Data for the task >>
###
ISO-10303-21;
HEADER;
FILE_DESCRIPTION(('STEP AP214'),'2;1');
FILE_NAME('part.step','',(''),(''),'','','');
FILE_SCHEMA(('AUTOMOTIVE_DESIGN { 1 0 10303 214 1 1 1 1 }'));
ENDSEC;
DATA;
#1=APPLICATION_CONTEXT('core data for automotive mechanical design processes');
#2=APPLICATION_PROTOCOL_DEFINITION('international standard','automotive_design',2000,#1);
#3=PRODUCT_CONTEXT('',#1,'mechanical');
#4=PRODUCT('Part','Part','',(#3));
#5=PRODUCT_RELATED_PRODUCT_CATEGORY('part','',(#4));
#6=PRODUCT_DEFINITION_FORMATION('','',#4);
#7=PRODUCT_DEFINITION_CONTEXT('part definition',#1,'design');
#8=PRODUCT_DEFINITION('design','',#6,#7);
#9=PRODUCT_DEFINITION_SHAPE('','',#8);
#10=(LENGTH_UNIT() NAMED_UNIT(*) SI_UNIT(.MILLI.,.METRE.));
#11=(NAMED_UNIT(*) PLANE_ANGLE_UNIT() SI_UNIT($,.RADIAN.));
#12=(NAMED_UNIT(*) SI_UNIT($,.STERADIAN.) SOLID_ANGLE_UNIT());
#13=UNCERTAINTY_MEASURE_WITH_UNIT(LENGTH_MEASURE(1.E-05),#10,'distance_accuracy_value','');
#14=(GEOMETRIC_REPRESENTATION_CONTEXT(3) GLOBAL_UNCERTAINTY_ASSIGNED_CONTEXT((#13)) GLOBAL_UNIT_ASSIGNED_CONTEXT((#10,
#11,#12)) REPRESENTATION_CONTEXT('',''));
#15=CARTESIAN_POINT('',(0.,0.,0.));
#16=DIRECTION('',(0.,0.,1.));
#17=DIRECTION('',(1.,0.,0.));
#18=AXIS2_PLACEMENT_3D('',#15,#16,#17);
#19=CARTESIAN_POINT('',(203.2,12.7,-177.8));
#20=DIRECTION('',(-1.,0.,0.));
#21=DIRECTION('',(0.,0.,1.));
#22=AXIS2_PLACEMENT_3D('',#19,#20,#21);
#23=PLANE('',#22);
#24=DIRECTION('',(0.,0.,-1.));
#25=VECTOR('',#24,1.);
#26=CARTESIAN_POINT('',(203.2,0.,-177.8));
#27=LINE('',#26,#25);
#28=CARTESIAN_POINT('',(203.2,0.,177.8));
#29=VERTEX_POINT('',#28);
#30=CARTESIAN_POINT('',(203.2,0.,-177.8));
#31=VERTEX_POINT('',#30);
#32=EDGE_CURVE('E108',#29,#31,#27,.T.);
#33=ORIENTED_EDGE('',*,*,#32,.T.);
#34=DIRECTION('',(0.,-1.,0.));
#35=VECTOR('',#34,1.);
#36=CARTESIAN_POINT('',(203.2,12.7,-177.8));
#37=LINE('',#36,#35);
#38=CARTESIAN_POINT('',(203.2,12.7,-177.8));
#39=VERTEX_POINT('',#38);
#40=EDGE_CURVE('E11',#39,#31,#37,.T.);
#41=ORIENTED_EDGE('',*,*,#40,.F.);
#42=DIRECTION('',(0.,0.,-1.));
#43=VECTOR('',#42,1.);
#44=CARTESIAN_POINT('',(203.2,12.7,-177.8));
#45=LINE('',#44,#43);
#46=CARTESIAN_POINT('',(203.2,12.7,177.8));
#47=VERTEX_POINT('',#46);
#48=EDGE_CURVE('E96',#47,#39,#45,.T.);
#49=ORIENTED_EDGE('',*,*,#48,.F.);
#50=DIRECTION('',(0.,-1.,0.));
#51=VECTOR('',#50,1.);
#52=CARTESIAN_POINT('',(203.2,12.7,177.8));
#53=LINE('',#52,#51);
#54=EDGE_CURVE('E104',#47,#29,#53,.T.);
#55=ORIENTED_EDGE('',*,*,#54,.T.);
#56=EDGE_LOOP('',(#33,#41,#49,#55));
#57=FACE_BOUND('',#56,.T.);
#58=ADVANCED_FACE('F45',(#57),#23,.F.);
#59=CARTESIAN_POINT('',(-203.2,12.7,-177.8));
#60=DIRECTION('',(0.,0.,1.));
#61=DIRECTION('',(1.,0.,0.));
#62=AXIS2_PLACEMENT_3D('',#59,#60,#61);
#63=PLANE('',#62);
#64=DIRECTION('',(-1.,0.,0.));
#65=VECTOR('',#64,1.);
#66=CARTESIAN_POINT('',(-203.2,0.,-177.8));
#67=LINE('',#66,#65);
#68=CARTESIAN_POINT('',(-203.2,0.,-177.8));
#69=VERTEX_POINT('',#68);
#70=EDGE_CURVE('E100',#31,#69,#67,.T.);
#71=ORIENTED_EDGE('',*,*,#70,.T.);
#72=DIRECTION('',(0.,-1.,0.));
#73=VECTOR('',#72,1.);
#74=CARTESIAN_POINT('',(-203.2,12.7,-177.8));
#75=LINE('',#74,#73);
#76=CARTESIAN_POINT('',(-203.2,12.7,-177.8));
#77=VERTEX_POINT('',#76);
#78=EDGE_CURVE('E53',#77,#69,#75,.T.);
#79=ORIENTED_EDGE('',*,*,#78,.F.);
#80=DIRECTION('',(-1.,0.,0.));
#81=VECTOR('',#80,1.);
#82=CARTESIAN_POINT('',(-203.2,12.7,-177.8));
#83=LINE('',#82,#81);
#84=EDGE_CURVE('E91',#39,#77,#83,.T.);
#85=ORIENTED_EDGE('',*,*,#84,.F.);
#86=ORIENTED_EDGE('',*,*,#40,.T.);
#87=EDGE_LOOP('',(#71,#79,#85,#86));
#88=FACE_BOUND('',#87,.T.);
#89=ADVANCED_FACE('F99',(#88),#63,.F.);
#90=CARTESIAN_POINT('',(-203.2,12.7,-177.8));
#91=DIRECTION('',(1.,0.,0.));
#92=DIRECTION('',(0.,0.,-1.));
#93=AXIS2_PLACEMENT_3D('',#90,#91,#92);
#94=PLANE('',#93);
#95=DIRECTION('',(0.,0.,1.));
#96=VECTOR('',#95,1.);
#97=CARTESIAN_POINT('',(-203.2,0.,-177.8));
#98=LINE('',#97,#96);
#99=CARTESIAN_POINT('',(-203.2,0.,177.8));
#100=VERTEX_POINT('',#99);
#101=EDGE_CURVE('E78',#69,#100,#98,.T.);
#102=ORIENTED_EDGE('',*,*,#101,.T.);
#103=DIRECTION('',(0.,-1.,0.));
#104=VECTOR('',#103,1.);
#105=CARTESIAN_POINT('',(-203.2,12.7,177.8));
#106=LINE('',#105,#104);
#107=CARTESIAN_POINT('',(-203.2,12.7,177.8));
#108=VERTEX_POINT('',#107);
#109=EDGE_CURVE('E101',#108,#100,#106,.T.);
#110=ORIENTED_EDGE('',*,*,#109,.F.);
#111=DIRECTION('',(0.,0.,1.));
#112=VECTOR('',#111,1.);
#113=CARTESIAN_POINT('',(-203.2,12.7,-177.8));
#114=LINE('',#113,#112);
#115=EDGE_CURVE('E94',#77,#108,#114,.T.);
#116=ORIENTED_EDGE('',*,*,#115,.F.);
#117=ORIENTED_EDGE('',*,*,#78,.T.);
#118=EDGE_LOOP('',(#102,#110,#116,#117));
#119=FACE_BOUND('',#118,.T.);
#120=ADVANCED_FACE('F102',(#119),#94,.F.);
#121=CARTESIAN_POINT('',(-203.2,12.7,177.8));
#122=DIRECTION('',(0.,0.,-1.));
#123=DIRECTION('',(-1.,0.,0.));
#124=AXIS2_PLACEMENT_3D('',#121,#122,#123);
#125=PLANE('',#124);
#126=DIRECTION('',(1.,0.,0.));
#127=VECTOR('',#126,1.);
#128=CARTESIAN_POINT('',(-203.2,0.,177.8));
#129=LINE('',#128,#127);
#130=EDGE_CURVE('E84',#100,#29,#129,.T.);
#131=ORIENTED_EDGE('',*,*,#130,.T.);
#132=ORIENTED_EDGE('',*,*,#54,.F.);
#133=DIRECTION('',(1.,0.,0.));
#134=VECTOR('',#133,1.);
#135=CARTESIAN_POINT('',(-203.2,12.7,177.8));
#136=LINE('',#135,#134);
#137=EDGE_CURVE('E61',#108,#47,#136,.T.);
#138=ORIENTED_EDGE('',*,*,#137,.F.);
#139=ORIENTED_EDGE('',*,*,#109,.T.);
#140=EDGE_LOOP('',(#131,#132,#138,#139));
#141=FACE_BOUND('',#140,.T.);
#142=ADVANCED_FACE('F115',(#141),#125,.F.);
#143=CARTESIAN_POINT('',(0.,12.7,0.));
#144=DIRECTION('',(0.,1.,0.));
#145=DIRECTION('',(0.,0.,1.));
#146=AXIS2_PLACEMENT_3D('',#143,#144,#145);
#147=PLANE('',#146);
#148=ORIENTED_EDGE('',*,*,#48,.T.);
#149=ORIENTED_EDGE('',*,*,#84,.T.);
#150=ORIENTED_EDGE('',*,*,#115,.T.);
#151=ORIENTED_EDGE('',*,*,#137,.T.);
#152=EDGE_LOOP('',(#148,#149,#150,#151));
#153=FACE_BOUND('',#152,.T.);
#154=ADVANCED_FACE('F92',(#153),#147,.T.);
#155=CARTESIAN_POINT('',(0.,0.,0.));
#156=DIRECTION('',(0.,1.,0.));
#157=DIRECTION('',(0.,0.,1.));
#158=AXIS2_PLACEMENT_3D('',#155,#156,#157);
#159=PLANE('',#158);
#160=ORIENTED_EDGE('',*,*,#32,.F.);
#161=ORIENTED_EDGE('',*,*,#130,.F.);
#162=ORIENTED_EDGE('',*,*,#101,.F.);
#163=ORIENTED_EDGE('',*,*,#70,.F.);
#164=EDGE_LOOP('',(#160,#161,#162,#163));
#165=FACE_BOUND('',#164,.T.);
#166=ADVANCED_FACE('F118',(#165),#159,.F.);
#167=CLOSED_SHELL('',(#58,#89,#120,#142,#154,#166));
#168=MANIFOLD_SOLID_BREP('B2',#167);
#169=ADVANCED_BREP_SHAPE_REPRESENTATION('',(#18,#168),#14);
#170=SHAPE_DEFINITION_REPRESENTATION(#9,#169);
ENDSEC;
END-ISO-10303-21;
###
Reproduce word for word the material above, starting with the line that has "#23=PLANE('',#22);" and stopping after the line that has "#58=ADVANCED_FACE('F45',(#57),#23,.F.);".

#23=PLANE('',#22);
#24=DIRECTION('',(0.,0.,-1.));
#25=VECTOR('',#24,1.);
#26=CARTESIAN_POINT('',(203.2,0.,-177.8));
#27=LINE('',#26,#25);
#28=CARTESIAN_POINT('',(203.2,0.,177.8));
#29=VERTEX_POINT('',#28);
#30=CARTESIAN_POINT('',(203.2,0.,-177.8));
#31=VERTEX_POINT('',#30);
#32=EDGE_CURVE('E108',#29,#31,#27,.T.);
#33=ORIENTED_EDGE('',*,*,#32,.T.);
#34=DIRECTION('',(0.,-1.,0.));
#35=VECTOR('',#34,1.);
#36=CARTESIAN_POINT('',(203.2,12.7,-177.8));
#37=LINE('',#36,#35);
#38=CARTESIAN_POINT('',(203.2,12.7,-177.8));
#39=VERTEX_POINT('',#38);
#40=EDGE_CURVE('E11',#39,#31,#37,.T.);
#41=ORIENTED_EDGE('',*,*,#40,.F.);
#42=DIRECTION('',(0.,0.,-1.));
#43=VECTOR('',#42,1.);
#44=CARTESIAN_POINT('',(203.2,12.7,-177.8));
#45=LINE('',#44,#43);
#46=CARTESIAN_POINT('',(203.2,12.7,177.8));
#47=VERTEX_POINT('',#46);
#48=EDGE_CURVE('E96',#47,#39,#45,.T.);
#49=ORIENTED_EDGE('',*,*,#48,.F.);
#50=DIRECTION('',(0.,-1.,0.));
#51=VECTOR('',#50,1.);
#52=CARTESIAN_POINT('',(203.2,12.7,177.8));
#53=LINE('',#52,#51);
#54=EDGE_CURVE('E104',#47,#29,#53,.T.);
#55=ORIENTED_EDGE('',*,*,#54,.T.);
#56=EDGE_LOOP('',(#33,#41,#49,#55));
#57=FACE_BOUND('',#56,.T.);
#58=ADVANCED_FACE('F45',(#57),#23,.F.);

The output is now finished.